● What to do: Where the records below show the word "copper" in a line, please copy that line.

● Supplied data:
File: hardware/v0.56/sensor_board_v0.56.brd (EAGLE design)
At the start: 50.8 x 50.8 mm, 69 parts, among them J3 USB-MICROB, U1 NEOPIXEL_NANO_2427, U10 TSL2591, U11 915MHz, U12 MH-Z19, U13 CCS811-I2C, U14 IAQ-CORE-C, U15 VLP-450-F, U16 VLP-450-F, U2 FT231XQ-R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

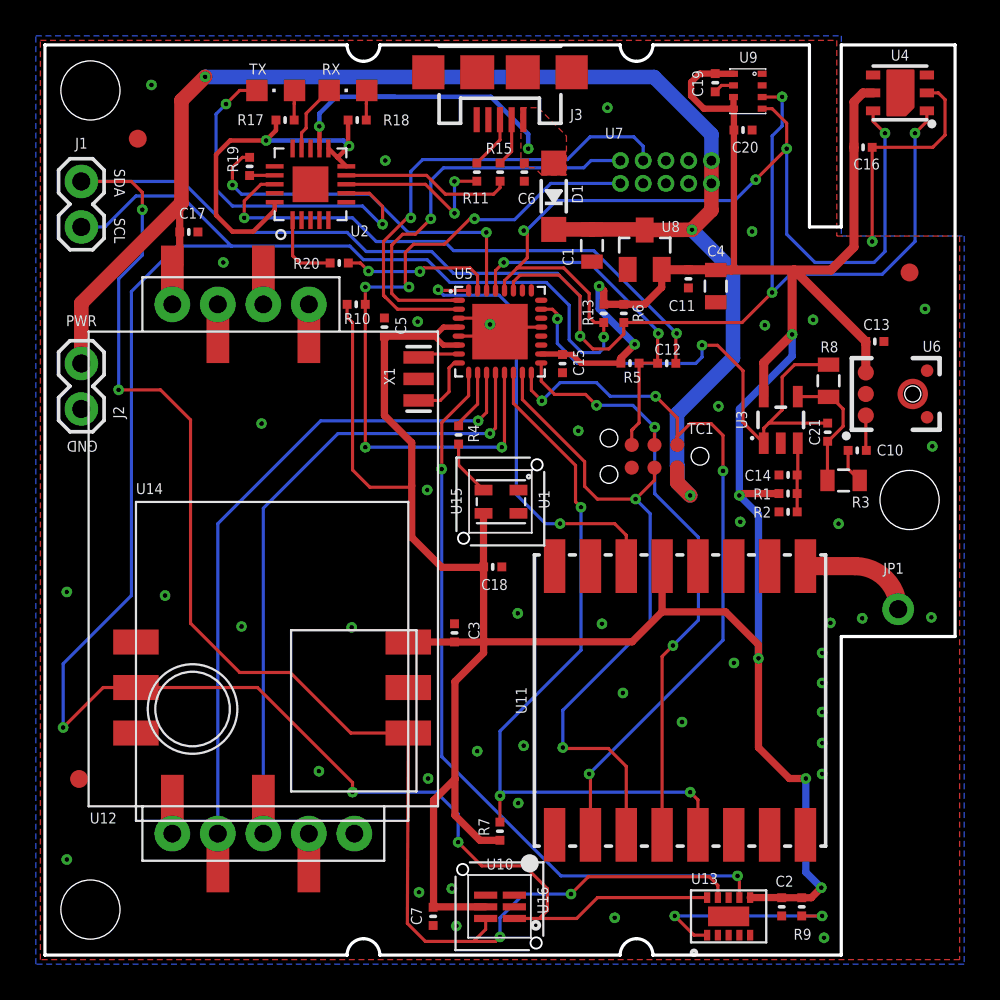
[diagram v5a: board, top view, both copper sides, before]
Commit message: v0.56b - minor update
silkscreen update and a couple of traces
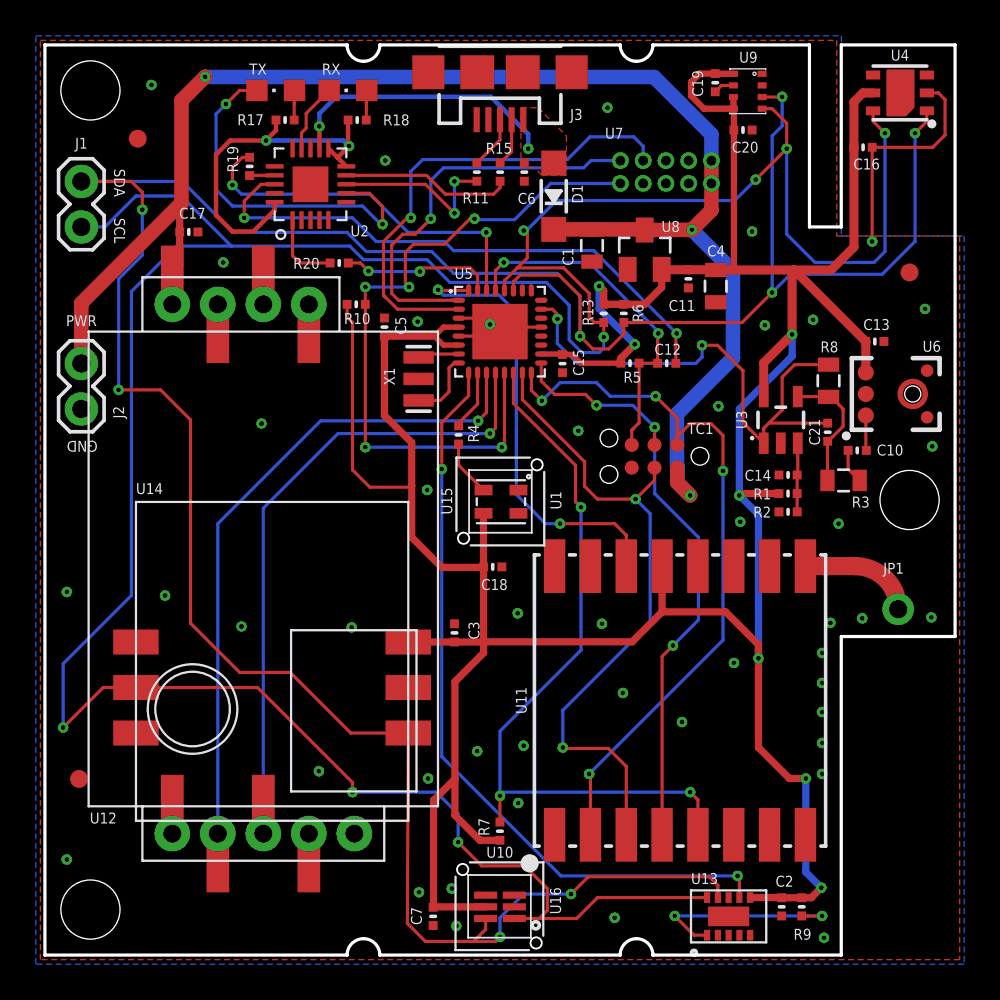
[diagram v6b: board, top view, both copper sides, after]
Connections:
- removed net N$12: U$4.P$4
- removed net N$14: U$5.P$1
- removed net N$19: U$5.P$4
- removed net N$8: U$4.P$3
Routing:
- net VBUS: track 17.8 -> 15.7 mm
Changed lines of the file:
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@@
 <element name="U10" library="TSL2591" package="DFN6_TAOS" value="TSL2591" x="25.4" y="2.6924" smashed="yes" rot="R180">
 <attribute name="MPN" value="TSL25911FN " x="25.4" y="2.6924" size="1.778" layer="27" rot="R180" display="off"/>
-<attribute name="NAME" x="24.638" y="4.7736" size="0.6096" layer="121" font="vector"/>
+<attribute name="NAME" x="24.638" y="5.434" size="0.6096" layer="121" font="vector"/>
 </element>
 <element name="J1" library="SparkFun-Connectors" package="1X02" value="" x="2.032" y="40.64" smashed="yes" rot="R90">
@@
 </element>
 <element name="U1" library="NeoPixel Nano 2427" package="SK6805-2427" value="NEOPIXEL_NANO_2427" x="24.1046" y="24.1046" smashed="yes">
-<attribute name="NAME" x="28.1686" y="24.9174" size="0.6096" layer="121" font="vector" rot="R90"/>
+<attribute name="NAME" x="28.829" y="24.8666" size="0.6096" layer="121" font="vector" rot="R90"/>
 </element>
 <element name="C18" library="Adafruit Feather 32u4 Bluefruit LE" package="MICROBUILDER__0402MP" value="1uF" x="24.9936" y="21.6662" smashed="yes" rot="R180">
@@
 </element>
 <element name="U15" library="VLP-450-F" package="VLP-450-F" value="VLP-450-F" x="23.368" y="23.2664" smashed="yes">
-<attribute name="NAME" x="23.2664" y="24.5872" size="0.6096" layer="121" font="vector" rot="R90"/>
+<attribute name="NAME" x="22.733" y="24.5872" size="0.6096" layer="121" font="vector" rot="R90"/>
 </element>
 <element name="U16" library="VLP-450-F" package="VLP-450-F" value="VLP-450-F" x="23.3172" y="4.7752" smashed="yes" rot="R270">
-<attribute name="NAME" x="27.4828" y="3.81" size="0.6096" layer="121" font="vector" rot="R270"/>
+<attribute name="NAME" x="28.194" y="3.7846" size="0.6096" layer="121" font="vector" rot="R270"/>
 </element>
 <element name="C5" library="Adafruit Feather 32u4 Bluefruit LE" package="MICROBUILDER__0402MP" value="0.1uF" x="18.9484" y="35.052" smashed="yes" rot="R270">
@@
 <vertex x="26.5684" y="43.942"/>
 </polygon>
-<wire x1="17.4752" y1="47.9044" x2="24.892" y2="47.9044" width="0.254" layer="16"/>
 <wire x1="26.9748" y1="45.0088" x2="26.9748" y2="45.8216" width="0.254" layer="16"/>
 <wire x1="26.9748" y1="45.8216" x2="24.892" y2="47.9044" width="0.254" layer="16"/>
 <wire x1="15.3232" y1="45.021" x2="15.3232" y2="46.2464" width="0.254" layer="1"/>
 <wire x1="15.3232" y1="46.2464" x2="15.3162" y2="46.2534" width="0.254" layer="1"/>
-<wire x1="16.256" y1="47.9044" x2="19.5326" y2="47.9044" width="0.254" layer="16"/>
-<wire x1="15.3162" y1="46.2534" x2="15.3162" y2="46.9646" width="0.254" layer="16"/>
-<wire x1="15.3162" y1="46.9646" x2="16.256" y2="47.9044" width="0.254" layer="16"/>
-<wire x1="17.4752" y1="47.9044" x2="16.256" y2="47.9044" width="0" layer="19" extent="16-16"/>
+<wire x1="15.3162" y1="46.9646" x2="15.3162" y2="46.2534" width="0.254" layer="16"/>
+<wire x1="24.892" y1="47.9044" x2="16.256" y2="47.9044" width="0.254" layer="16"/>
+<wire x1="16.256" y1="47.9044" x2="15.3162" y2="46.9646" width="0.254" layer="16"/>
 </signal>
 <signal name="N$32">
@@
 <wire x1="45.2196" y1="21.7094" x2="47.625" y2="19.304" width="1.016" layer="1" curve="-90"/>
 </signal>
-<signal name="N$8">
-<contactref element="U$4" pad="P$3"/>
-</signal>
-<signal name="N$12">
-<contactref element="U$4" pad="P$4"/>
-</signal>
-<signal name="N$14">
-<contactref element="U$5" pad="P$1"/>
-</signal>
-<signal name="N$19">
-<contactref element="U$5" pad="P$4"/>
-</signal>
 </signals>

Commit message: Shifted radio a bit
to allow space for the light pipe to land
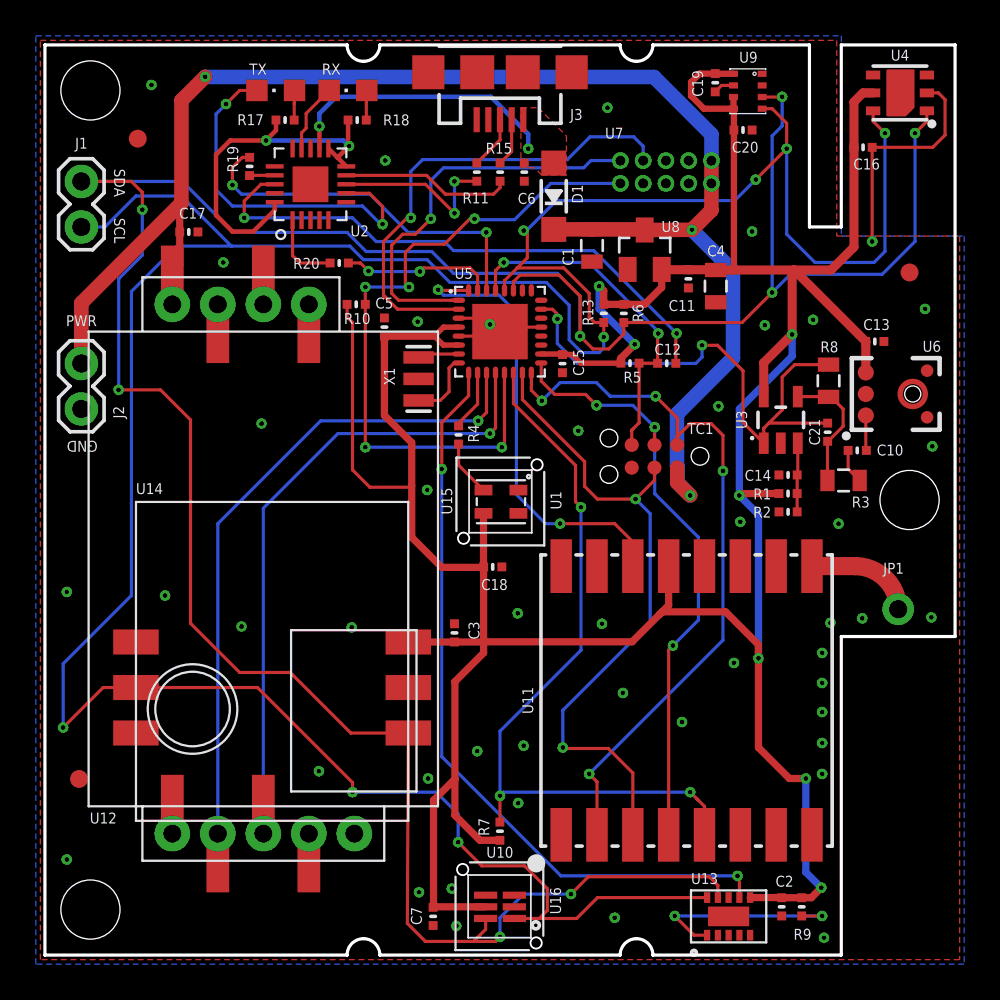
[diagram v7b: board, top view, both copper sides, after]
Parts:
- moved U11 0.37 mm to (35.8, 14.2)
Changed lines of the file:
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@@
 <attribute name="NAME" x="31.2612" y="45.5714" size="0.6096" layer="121" font="vector"/>
 </element>
-<element name="U11" library="SparkFun-RF" package="RFM69HCW-XXXS2" value="915MHz" x="35.4478" y="14.2094" smashed="yes" rot="R90">
-<attribute name="NAME" x="26.888" y="14.2094" size="0.6096" layer="121" font="vector" rot="R90" align="bottom-center"/>
-<attribute name="PROD_ID" value="IC-11997" x="35.4478" y="14.2094" size="1.778" layer="27" rot="R90" display="off"/>
+<element name="U11" library="SparkFun-RF" package="RFM69HCW-XXXS2" value="915MHz" x="35.814" y="14.2094" smashed="yes" rot="R90">
+<attribute name="NAME" x="27.2542" y="14.2094" size="0.6096" layer="121" font="vector" rot="R90" align="bottom-center"/>
+<attribute name="PROD_ID" value="IC-11997" x="35.814" y="14.2094" size="1.778" layer="27" rot="R90" display="off"/>
 </element>
 <element name="H3" library="SparkFun-Electromechanical" package="STAND-OFF" value="STAND-OFF" x="48.26" y="25.4"/>
@@
 </element>
 <element name="C5" library="Adafruit Feather 32u4 Bluefruit LE" package="MICROBUILDER__0402MP" value="0.1uF" x="18.9484" y="35.052" smashed="yes" rot="R270">
-<attribute name="NAME" x="19.5517" y="35.6362" size="0.6096" layer="121" font="vector" rot="R270"/>
+<attribute name="NAME" x="18.4404" y="36.0871" size="0.6096" layer="121" font="vector"/>
 </element>
 <element name="R10" library="Adafruit Feather 32u4 Bluefruit LE" package="MICROBUILDER__0402MP" value="10K" x="17.3736" y="36.322" smashed="yes">
@@
 <wire x1="24.4856" y1="21.6662" x2="24.4856" y2="17.485746875" width="0.4064" layer="1"/>
 <wire x1="24.4856" y1="16.8656" x2="24.4856" y2="17.485746875" width="0.4064" layer="1"/>
-<wire x1="34.4478" y1="21.7094" x2="34.4478" y2="19.157" width="0.4064" layer="1"/>
-<wire x1="32.776546875" y1="17.485746875" x2="34.4478" y2="19.157" width="0.4064" layer="1"/>
+<wire x1="34.30166875" y1="19.01086875" x2="32.776546875" y2="17.485746875" width="0.4064" layer="1"/>
+<wire x1="34.30166875" y1="19.01086875" x2="34.4478" y2="19.157" width="0.4064" layer="1"/>
 <wire x1="21.6916" y1="8.636" x2="22.8854" y2="9.8298" width="0.4064" layer="1"/>
 <wire x1="24.2776" y1="6.4056" x2="25.3956" y2="6.4056" width="0.4064" layer="1"/>
@@
 <wire x1="22.8854" y1="15.2654" x2="24.4856" y2="16.8656" width="0.4064" layer="1"/>
 <wire x1="24.4856" y1="17.485746875" x2="32.776546875" y2="17.485746875" width="0.4064" layer="1"/>
+<wire x1="34.814" y1="21.7094" x2="34.814" y2="19.5232" width="0.4064" layer="1"/>
+<wire x1="34.814" y1="19.5232" x2="34.30166875" y2="19.01086875" width="0.4064" layer="1"/>
 </signal>
 <signal name="SCL">
@@
 <via x="37.846" y="27.0256" extent="1-16" drill="0.25"/>
 <via x="30.3784" y="10.1092" extent="1-16" drill="0.25"/>
-<wire x1="30.4478" y1="6.7094" x2="30.4478" y2="10.0398" width="0.1778" layer="1"/>
-<wire x1="30.4478" y1="10.0398" x2="30.3784" y2="10.1092" width="0.1778" layer="1"/>
 <wire x1="37.846" y1="27.0256" x2="37.846" y2="29.005365625" width="0.1778" layer="1"/>
 <wire x1="37.846" y1="29.005365625" x2="37.184165625" y2="29.6672" width="0.1778" layer="1"/>
 <wire x1="37.846" y1="27.0256" x2="37.846" y2="17.5768" width="0.1778" layer="16"/>
 <wire x1="37.846" y1="17.5768" x2="30.3784" y2="10.1092" width="0.1778" layer="16"/>
+<wire x1="30.814" y1="6.7094" x2="30.814" y2="9.6736" width="0.1778" layer="1"/>
+<wire x1="30.814" y1="9.6736" x2="30.3784" y2="10.1092" width="0.1778" layer="1"/>
 </signal>
 <signal name="SCK">
@@
 <wire x1="34.0232" y1="28.4754" x2="34.0232" y2="29.4512" width="0.1778" layer="1"/>
 <wire x1="34.0232" y1="29.4512" x2="34.036" y2="29.464" width="0.1778" layer="1"/>
-<wire x1="34.4478" y1="16.6678" x2="34.4478" y2="6.7094" width="0.1778" layer="1"/>
 <via x="35.052" y="17.272" extent="1-16" drill="0.25"/>
 <wire x1="34.036" y1="25.7556" x2="36.4744" y2="23.3172" width="0.1778" layer="16"/>
 <wire x1="34.036" y1="25.7556" x2="34.036" y2="29.464" width="0.1778" layer="16"/>
-<wire x1="35.052" y1="17.272" x2="34.4478" y2="16.6678" width="0.1778" layer="1"/>
 <wire x1="36.4744" y1="23.3172" x2="36.4744" y2="18.6944" width="0.1778" layer="16"/>
 <wire x1="36.4744" y1="18.6944" x2="35.052" y2="17.272" width="0.1778" layer="16"/>
+<wire x1="34.814" y1="6.7094" x2="34.814" y2="17.034" width="0.1778" layer="1"/>
+<wire x1="34.814" y1="17.034" x2="35.052" y2="17.272" width="0.1778" layer="1"/>
 </signal>
 <signal name="RESET">
@@
 <wire x1="26.65" y1="32.498" x2="26.65" y2="31.008" width="0.1778" layer="1"/>
 <wire x1="26.65" y1="31.008" x2="30.1244" y2="27.5336" width="0.1778" layer="1"/>
-<wire x1="32.4478" y1="6.7094" x2="32.4478" y2="10.529" width="0.1778" layer="1"/>
-<wire x1="32.4478" y1="10.529" x2="31.4452" y2="11.5316" width="0.1778" layer="1"/>
 <wire x1="31.4452" y1="11.5316" x2="28.956" y2="11.5316" width="0.1778" layer="1"/>
 <wire x1="28.956" y1="11.5316" x2="28.9052" y2="11.5824" width="0.1778" layer="1"/>
@@
 <wire x1="33.782" y1="24.638" x2="32.9692" y2="25.4508" width="0.1778" layer="16"/>
 <via x="32.9692" y="25.4508" extent="1-16" drill="0.25"/>
+<wire x1="32.814" y1="6.7094" x2="32.814" y2="10.1628" width="0.1778" layer="1"/>
+<wire x1="32.814" y1="10.1628" x2="31.4452" y2="11.5316" width="0.1778" layer="1"/>
 </signal>
 <signal name="A0">
@@
 <wire x1="25.3956" y1="7.4216" x2="25.3956" y2="8.8856" width="0.1778" layer="1"/>
 <wire x1="25.3956" y1="8.8856" x2="25.4" y2="8.89" width="0.1778" layer="1"/>
-<wire x1="36.4478" y1="6.7094" x2="36.4478" y2="8.6626" width="0.1778" layer="1"/>
-<wire x1="36.4478" y1="8.6626" x2="36.0172" y2="9.0932" width="0.1778" layer="1"/>
+<wire x1="36.3806375" y1="8.7297625" x2="36.4478" y2="8.6626" width="0.1778" layer="1"/>
 <via x="36.0172" y="9.0932" extent="1-16" drill="0.25"/>
+<wire x1="36.3806375" y1="8.7297625" x2="36.0172" y2="9.0932" width="0.1778" layer="1"/>
 <wire x1="36.0172" y1="9.0932" x2="25.6032" y2="9.0932" width="0.1778" layer="16"/>
 <wire x1="25.6032" y1="9.0932" x2="25.4" y2="8.89" width="0.1778" layer="16"/>
+<wire x1="36.814" y1="6.7094" x2="36.814" y2="8.2964" width="0.1778" layer="1"/>
+<wire x1="36.814" y1="8.2964" x2="36.3806375" y2="8.7297625" width="0.1778" layer="1"/>
 </signal>
 <signal name="OUT">
@@
 <wire x1="28.7902" y1="24.0418" x2="28.7528" y2="24.0792" width="0.1778" layer="1"/>
 <wire x1="26.3144" y1="35.8648" x2="25.3492" y2="36.83" width="0.1778" layer="16"/>
-<wire x1="32.4478" y1="21.7094" x2="32.4478" y2="23.4322" width="0.1778" layer="1"/>
-<wire x1="31.8008" y1="24.0792" x2="32.4478" y2="23.4322" width="0.1778" layer="1"/>
-<wire x1="28.7528" y1="24.0792" x2="31.8008" y2="24.0792" width="0.1778" layer="1"/>
+<wire x1="31.8008" y1="24.0792" x2="28.7528" y2="24.0792" width="0.1778" layer="1"/>
 <wire x1="27.94" y1="24.0792" x2="26.3144" y2="25.7048" width="0.1778" layer="16"/>
 <wire x1="26.3144" y1="35.8648" x2="26.3144" y2="25.7048" width="0.1778" layer="16"/>
@@
 <wire x1="25.3492" y1="36.83" x2="22.2504" y2="36.83" width="0.1778" layer="16"/>
 <wire x1="22.2504" y1="36.83" x2="21.9456" y2="37.1348" width="0.1778" layer="16"/>
+<wire x1="32.814" y1="21.7094" x2="32.814" y2="23.066" width="0.1778" layer="1"/>
+<wire x1="32.814" y1="23.066" x2="31.8008" y2="24.0792" width="0.1778" layer="1"/>
 </signal>
 <signal name="D6">
@@
 <contactref element="U11" pad="9"/>
 <contactref element="JP1" pad="1"/>
-<wire x1="42.4478" y1="21.7094" x2="45.2196" y2="21.7094" width="1.016" layer="1"/>
 <wire x1="45.2196" y1="21.7094" x2="47.625" y2="19.304" width="1.016" layer="1" curve="-90"/>
+<wire x1="42.814" y1="21.7094" x2="45.2196" y2="21.7094" width="1.016" layer="1"/>
 </signal>
 </signals>

● Exercise response:
[diagram v5a: board, top view, both copper sides, before]
[diagram v6b: board, top view, both copper sides, after]
[diagram v7b: board, top view, both copper sides, after]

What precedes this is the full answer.